:: DATA SUPPLIED ::
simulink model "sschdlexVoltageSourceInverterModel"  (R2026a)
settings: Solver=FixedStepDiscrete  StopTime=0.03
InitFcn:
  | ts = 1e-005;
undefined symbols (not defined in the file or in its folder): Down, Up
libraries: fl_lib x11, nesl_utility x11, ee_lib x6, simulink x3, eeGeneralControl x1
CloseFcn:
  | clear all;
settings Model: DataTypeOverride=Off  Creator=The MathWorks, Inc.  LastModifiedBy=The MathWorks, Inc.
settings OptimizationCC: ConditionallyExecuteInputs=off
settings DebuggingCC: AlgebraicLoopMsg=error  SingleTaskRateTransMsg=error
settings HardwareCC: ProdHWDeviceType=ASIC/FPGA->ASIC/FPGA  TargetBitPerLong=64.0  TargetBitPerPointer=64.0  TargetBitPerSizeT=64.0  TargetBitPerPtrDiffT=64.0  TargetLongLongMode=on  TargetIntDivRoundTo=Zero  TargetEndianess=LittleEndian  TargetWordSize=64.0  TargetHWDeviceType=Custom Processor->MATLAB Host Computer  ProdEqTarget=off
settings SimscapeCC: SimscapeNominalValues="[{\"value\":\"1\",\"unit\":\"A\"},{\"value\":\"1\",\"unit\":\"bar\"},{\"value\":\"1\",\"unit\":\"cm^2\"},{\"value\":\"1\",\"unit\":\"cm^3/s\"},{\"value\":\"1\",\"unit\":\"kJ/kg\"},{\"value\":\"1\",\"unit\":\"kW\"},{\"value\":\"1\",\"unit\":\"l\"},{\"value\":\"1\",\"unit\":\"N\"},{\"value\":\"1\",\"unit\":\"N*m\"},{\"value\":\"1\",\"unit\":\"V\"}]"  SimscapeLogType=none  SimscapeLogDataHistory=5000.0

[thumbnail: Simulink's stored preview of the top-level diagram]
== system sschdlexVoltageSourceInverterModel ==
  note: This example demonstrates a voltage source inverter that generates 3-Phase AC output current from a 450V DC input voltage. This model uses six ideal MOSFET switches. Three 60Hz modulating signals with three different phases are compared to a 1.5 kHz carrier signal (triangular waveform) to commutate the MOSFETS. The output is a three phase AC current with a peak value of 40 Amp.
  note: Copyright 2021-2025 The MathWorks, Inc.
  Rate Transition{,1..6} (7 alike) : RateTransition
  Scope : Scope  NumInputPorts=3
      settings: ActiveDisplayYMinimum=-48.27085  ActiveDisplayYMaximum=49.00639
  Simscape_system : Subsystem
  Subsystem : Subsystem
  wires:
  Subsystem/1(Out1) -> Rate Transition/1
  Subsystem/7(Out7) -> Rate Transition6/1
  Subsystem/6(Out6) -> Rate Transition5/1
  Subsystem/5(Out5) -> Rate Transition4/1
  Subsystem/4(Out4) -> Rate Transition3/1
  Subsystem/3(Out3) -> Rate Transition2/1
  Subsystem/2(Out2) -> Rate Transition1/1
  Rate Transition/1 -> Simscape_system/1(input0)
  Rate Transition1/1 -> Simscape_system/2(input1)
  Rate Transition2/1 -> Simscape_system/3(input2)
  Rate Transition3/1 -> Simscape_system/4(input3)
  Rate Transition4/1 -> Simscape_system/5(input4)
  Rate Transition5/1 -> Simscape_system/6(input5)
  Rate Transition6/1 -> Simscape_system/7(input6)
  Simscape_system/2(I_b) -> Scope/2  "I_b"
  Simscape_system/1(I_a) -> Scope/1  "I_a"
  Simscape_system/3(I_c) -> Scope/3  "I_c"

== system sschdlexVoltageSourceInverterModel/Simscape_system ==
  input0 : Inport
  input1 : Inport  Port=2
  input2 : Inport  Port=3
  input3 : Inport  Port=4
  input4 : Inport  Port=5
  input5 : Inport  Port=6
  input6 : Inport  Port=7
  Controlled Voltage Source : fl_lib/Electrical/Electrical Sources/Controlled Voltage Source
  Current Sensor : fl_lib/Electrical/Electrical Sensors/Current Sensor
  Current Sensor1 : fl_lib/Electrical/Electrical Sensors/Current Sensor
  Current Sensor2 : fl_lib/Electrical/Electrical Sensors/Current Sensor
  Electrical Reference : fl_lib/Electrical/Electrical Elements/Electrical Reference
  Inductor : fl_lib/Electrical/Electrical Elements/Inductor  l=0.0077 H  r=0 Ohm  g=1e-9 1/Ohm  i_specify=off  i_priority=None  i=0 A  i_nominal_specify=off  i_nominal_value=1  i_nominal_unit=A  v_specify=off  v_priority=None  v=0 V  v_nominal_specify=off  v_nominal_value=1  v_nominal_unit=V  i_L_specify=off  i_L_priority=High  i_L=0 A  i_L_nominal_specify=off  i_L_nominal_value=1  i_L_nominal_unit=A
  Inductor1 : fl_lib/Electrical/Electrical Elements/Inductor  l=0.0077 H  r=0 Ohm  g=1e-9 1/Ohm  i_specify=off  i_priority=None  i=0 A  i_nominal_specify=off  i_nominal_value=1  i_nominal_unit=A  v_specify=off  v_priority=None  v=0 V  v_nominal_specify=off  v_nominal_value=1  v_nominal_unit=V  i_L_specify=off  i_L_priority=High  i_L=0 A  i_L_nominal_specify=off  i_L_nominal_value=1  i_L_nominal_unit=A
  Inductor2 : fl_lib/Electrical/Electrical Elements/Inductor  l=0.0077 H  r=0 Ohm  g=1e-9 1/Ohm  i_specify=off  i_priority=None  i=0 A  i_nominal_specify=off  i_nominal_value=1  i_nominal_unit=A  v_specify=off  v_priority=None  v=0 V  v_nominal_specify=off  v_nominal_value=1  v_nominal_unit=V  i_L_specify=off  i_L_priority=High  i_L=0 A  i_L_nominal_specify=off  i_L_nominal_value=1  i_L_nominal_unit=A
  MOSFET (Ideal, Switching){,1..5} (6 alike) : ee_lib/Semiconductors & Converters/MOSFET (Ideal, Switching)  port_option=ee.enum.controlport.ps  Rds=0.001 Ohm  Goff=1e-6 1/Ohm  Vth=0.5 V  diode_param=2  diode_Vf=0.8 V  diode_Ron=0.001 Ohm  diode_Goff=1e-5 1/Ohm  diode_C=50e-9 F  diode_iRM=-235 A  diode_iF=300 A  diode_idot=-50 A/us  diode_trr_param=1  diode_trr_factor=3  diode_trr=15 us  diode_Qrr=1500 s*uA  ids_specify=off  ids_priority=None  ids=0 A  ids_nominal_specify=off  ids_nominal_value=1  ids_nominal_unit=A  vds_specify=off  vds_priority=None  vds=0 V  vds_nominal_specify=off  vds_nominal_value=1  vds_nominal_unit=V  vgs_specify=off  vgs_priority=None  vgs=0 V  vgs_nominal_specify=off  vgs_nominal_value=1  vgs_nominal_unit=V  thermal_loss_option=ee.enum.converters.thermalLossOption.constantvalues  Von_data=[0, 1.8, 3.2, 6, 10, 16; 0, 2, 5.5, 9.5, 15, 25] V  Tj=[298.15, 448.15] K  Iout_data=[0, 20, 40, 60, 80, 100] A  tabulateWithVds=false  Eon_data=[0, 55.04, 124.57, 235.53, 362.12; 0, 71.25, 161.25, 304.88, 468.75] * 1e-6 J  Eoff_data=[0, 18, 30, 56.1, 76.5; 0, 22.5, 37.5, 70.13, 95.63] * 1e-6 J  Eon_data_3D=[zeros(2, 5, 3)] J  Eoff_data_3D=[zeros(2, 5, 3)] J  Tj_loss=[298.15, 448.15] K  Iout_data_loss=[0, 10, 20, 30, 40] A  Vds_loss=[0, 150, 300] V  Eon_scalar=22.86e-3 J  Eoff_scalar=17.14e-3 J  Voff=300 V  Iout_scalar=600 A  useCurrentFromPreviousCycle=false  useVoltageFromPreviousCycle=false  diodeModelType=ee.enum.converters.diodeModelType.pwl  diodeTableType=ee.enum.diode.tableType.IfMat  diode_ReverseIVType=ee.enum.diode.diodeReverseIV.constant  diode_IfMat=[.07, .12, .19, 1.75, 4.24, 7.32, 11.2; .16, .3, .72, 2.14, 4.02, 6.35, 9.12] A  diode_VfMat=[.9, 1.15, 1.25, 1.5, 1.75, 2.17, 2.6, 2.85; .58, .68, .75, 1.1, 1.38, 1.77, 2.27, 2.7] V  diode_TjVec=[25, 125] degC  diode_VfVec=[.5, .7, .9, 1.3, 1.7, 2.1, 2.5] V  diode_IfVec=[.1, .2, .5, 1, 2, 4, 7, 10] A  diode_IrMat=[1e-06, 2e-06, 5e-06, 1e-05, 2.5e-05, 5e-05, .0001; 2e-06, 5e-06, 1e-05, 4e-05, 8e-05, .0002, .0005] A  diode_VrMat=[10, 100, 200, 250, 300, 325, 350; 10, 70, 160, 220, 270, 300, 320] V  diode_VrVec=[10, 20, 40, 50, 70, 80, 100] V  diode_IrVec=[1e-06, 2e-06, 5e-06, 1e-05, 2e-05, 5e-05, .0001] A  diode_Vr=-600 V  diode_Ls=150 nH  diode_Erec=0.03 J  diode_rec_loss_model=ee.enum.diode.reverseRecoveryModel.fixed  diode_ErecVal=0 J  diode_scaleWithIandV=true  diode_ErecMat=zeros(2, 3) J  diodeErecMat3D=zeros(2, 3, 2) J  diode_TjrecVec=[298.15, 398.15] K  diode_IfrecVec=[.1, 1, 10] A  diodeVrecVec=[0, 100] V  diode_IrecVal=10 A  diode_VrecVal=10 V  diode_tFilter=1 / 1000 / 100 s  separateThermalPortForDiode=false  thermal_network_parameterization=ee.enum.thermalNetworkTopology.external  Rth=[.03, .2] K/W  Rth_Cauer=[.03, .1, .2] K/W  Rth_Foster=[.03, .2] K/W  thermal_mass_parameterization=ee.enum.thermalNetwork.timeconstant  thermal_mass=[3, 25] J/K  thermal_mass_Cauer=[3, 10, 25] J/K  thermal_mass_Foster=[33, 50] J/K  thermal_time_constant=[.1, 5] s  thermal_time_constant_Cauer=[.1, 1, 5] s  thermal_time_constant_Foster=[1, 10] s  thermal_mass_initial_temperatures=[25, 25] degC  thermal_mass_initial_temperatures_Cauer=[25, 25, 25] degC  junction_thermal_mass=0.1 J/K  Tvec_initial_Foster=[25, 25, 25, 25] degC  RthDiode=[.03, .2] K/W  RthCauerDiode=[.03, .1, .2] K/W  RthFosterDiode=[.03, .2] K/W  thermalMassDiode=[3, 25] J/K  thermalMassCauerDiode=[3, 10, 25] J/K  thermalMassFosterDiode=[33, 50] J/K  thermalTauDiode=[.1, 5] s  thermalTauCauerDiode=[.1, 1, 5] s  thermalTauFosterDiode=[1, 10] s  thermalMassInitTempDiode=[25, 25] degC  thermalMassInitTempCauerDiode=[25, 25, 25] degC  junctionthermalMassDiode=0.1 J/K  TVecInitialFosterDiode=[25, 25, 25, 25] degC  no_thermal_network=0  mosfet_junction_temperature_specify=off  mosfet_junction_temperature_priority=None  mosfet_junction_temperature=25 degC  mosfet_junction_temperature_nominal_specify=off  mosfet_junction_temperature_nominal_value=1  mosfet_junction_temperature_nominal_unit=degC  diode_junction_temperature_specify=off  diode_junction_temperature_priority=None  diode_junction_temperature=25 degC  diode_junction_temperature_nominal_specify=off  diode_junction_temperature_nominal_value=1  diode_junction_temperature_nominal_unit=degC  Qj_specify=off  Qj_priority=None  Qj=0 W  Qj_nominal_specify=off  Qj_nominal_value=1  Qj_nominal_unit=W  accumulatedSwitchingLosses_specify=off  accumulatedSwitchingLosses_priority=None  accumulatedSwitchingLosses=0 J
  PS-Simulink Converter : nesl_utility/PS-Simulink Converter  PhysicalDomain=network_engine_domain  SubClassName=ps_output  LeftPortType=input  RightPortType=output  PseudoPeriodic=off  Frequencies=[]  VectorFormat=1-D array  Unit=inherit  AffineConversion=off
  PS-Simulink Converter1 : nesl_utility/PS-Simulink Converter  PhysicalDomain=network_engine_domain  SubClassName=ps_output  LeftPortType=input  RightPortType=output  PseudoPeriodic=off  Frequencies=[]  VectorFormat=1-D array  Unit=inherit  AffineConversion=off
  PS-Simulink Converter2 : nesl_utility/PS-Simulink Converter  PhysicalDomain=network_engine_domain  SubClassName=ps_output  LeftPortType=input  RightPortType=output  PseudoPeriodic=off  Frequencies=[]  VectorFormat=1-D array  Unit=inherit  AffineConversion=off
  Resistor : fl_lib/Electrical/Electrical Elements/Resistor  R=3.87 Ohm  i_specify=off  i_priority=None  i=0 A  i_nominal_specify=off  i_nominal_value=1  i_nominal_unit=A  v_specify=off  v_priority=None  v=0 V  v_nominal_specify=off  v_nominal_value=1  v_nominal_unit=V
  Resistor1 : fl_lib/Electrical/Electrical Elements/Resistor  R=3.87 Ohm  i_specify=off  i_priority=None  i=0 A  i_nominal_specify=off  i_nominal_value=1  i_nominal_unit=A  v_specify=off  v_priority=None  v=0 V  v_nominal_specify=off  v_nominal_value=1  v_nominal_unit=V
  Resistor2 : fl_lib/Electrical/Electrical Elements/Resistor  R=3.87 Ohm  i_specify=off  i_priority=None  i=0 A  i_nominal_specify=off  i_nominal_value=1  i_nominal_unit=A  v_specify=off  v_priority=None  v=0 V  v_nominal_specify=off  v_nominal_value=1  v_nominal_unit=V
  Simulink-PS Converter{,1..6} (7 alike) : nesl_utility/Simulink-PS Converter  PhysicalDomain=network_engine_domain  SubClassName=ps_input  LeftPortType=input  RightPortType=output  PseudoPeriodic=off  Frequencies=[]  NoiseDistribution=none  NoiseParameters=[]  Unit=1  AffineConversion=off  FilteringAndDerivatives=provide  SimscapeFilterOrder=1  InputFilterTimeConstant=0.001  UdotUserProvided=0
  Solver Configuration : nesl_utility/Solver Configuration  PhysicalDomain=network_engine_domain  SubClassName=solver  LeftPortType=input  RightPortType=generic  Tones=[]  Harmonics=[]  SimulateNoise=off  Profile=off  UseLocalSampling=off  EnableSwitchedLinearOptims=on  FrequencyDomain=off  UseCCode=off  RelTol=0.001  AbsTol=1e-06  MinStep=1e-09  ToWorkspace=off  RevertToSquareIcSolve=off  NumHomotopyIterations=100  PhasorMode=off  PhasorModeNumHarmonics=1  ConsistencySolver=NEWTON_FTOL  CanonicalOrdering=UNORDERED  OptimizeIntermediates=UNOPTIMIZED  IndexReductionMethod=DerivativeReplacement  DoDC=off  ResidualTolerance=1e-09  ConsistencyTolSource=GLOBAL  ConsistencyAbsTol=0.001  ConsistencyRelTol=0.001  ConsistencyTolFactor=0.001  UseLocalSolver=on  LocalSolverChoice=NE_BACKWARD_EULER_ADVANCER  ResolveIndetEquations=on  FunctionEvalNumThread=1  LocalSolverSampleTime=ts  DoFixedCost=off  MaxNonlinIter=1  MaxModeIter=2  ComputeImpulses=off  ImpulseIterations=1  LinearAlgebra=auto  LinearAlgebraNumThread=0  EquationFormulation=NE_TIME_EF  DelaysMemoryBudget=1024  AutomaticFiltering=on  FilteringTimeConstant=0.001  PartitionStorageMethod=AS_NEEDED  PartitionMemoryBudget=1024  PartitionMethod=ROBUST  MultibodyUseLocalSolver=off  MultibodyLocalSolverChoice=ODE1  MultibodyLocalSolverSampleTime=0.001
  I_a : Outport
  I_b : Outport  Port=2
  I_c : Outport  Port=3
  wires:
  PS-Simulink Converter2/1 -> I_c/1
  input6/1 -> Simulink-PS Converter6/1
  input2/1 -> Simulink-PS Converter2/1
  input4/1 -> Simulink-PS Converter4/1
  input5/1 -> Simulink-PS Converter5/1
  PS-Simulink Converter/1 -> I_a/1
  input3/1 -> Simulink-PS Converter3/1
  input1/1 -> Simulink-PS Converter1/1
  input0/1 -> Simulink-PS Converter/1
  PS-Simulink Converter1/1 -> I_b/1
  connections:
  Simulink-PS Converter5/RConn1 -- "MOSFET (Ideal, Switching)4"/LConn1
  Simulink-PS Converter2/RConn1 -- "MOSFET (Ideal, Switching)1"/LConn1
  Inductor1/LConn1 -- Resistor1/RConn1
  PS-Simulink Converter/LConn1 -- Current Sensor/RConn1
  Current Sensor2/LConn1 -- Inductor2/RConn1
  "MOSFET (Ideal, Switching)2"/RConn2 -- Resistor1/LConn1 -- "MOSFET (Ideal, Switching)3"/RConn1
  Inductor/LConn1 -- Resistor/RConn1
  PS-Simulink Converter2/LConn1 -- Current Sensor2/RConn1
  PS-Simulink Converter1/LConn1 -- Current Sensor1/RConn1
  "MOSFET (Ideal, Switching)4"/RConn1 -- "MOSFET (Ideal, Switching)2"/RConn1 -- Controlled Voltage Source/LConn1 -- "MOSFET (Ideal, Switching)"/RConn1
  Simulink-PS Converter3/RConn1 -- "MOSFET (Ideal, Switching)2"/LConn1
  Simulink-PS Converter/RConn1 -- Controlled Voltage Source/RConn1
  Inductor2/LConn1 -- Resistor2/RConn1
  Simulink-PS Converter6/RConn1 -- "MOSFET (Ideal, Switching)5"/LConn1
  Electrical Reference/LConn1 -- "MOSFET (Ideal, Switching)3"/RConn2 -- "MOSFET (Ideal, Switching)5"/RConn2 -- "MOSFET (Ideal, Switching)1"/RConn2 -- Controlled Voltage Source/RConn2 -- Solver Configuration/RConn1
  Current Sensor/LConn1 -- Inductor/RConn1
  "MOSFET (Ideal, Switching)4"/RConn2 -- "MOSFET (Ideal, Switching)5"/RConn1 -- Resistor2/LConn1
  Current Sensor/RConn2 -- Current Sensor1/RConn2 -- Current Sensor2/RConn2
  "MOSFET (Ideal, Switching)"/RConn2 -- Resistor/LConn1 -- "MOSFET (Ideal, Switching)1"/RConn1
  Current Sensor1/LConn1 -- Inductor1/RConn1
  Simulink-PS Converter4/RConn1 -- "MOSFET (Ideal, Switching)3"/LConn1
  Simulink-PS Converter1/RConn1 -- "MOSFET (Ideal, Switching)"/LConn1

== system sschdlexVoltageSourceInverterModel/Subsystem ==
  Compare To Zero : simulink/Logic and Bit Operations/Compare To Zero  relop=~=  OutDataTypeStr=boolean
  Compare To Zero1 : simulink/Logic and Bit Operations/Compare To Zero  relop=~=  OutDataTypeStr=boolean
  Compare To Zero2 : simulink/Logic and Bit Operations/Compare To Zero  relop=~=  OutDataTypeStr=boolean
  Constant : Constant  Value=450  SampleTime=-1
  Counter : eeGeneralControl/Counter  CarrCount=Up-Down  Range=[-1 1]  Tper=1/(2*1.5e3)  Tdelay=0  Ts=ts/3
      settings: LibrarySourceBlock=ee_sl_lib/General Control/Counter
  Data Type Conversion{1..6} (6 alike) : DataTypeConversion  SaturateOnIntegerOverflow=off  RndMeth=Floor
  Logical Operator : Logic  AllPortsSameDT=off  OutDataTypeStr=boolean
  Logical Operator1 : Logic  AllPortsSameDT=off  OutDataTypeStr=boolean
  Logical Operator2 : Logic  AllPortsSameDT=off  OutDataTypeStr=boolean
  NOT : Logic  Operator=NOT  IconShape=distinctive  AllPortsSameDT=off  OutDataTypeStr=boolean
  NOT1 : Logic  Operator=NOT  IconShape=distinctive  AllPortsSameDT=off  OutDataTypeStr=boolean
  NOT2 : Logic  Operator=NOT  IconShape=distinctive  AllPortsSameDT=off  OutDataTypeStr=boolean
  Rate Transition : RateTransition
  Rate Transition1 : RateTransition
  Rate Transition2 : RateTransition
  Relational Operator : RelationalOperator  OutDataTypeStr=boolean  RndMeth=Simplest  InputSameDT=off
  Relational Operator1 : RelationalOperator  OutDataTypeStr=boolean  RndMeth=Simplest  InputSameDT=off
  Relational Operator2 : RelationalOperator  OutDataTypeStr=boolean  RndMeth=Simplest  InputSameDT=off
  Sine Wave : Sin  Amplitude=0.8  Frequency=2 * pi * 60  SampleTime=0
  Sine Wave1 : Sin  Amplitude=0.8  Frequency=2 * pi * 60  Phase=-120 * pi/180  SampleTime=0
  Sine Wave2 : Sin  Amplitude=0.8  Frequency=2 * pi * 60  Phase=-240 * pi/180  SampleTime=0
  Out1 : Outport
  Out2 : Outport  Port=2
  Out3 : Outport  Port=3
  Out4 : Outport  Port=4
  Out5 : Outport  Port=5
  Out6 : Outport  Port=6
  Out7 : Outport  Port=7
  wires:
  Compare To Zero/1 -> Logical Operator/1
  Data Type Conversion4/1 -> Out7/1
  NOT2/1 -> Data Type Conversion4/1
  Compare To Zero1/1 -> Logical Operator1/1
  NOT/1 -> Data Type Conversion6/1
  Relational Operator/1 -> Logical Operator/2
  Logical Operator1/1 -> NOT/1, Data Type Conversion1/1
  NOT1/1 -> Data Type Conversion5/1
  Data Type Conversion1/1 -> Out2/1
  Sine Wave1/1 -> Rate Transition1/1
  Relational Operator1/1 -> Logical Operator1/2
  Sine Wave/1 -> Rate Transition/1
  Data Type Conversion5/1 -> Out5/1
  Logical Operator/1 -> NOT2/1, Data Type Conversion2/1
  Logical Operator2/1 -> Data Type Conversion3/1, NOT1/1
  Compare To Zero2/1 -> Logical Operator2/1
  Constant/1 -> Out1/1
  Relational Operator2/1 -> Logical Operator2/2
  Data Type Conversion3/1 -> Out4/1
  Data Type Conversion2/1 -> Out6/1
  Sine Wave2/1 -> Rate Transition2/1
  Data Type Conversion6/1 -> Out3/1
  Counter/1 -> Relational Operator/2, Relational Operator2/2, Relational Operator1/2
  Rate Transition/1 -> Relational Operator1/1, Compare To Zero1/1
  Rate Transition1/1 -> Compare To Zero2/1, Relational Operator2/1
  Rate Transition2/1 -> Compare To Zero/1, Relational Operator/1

:: EXERCISE ::
The answer is the lines above between the line holding "note: This example" and the line holding "input1 : Inport", inclusive, each written out exactly, and no others.

:: COMPLETED TASK ::
  note: This example demonstrates a voltage source inverter that generates 3-Phase AC output current from a 450V DC input voltage. This model uses six ideal MOSFET switches. Three 60Hz modulating signals with three different phases are compared to a 1.5 kHz carrier signal (triangular waveform) to commutate the MOSFETS. The output is a three phase AC current with a peak value of 40 Amp.
  note: Copyright 2021-2025 The MathWorks, Inc.
  Rate Transition{,1..6} (7 alike) : RateTransition
  Scope : Scope  NumInputPorts=3
      settings: ActiveDisplayYMinimum=-48.27085  ActiveDisplayYMaximum=49.00639
  Simscape_system : Subsystem
  Subsystem : Subsystem
  wires:
  Subsystem/1(Out1) -> Rate Transition/1
  Subsystem/7(Out7) -> Rate Transition6/1
  Subsystem/6(Out6) -> Rate Transition5/1
  Subsystem/5(Out5) -> Rate Transition4/1
  Subsystem/4(Out4) -> Rate Transition3/1
  Subsystem/3(Out3) -> Rate Transition2/1
  Subsystem/2(Out2) -> Rate Transition1/1
  Rate Transition/1 -> Simscape_system/1(input0)
  Rate Transition1/1 -> Simscape_system/2(input1)
  Rate Transition2/1 -> Simscape_system/3(input2)
  Rate Transition3/1 -> Simscape_system/4(input3)
  Rate Transition4/1 -> Simscape_system/5(input4)
  Rate Transition5/1 -> Simscape_system/6(input5)
  Rate Transition6/1 -> Simscape_system/7(input6)
  Simscape_system/2(I_b) -> Scope/2  "I_b"
  Simscape_system/1(I_a) -> Scope/1  "I_a"
  Simscape_system/3(I_c) -> Scope/3  "I_c"

== system sschdlexVoltageSourceInverterModel/Simscape_system ==
  input0 : Inport
  input1 : Inport  Port=2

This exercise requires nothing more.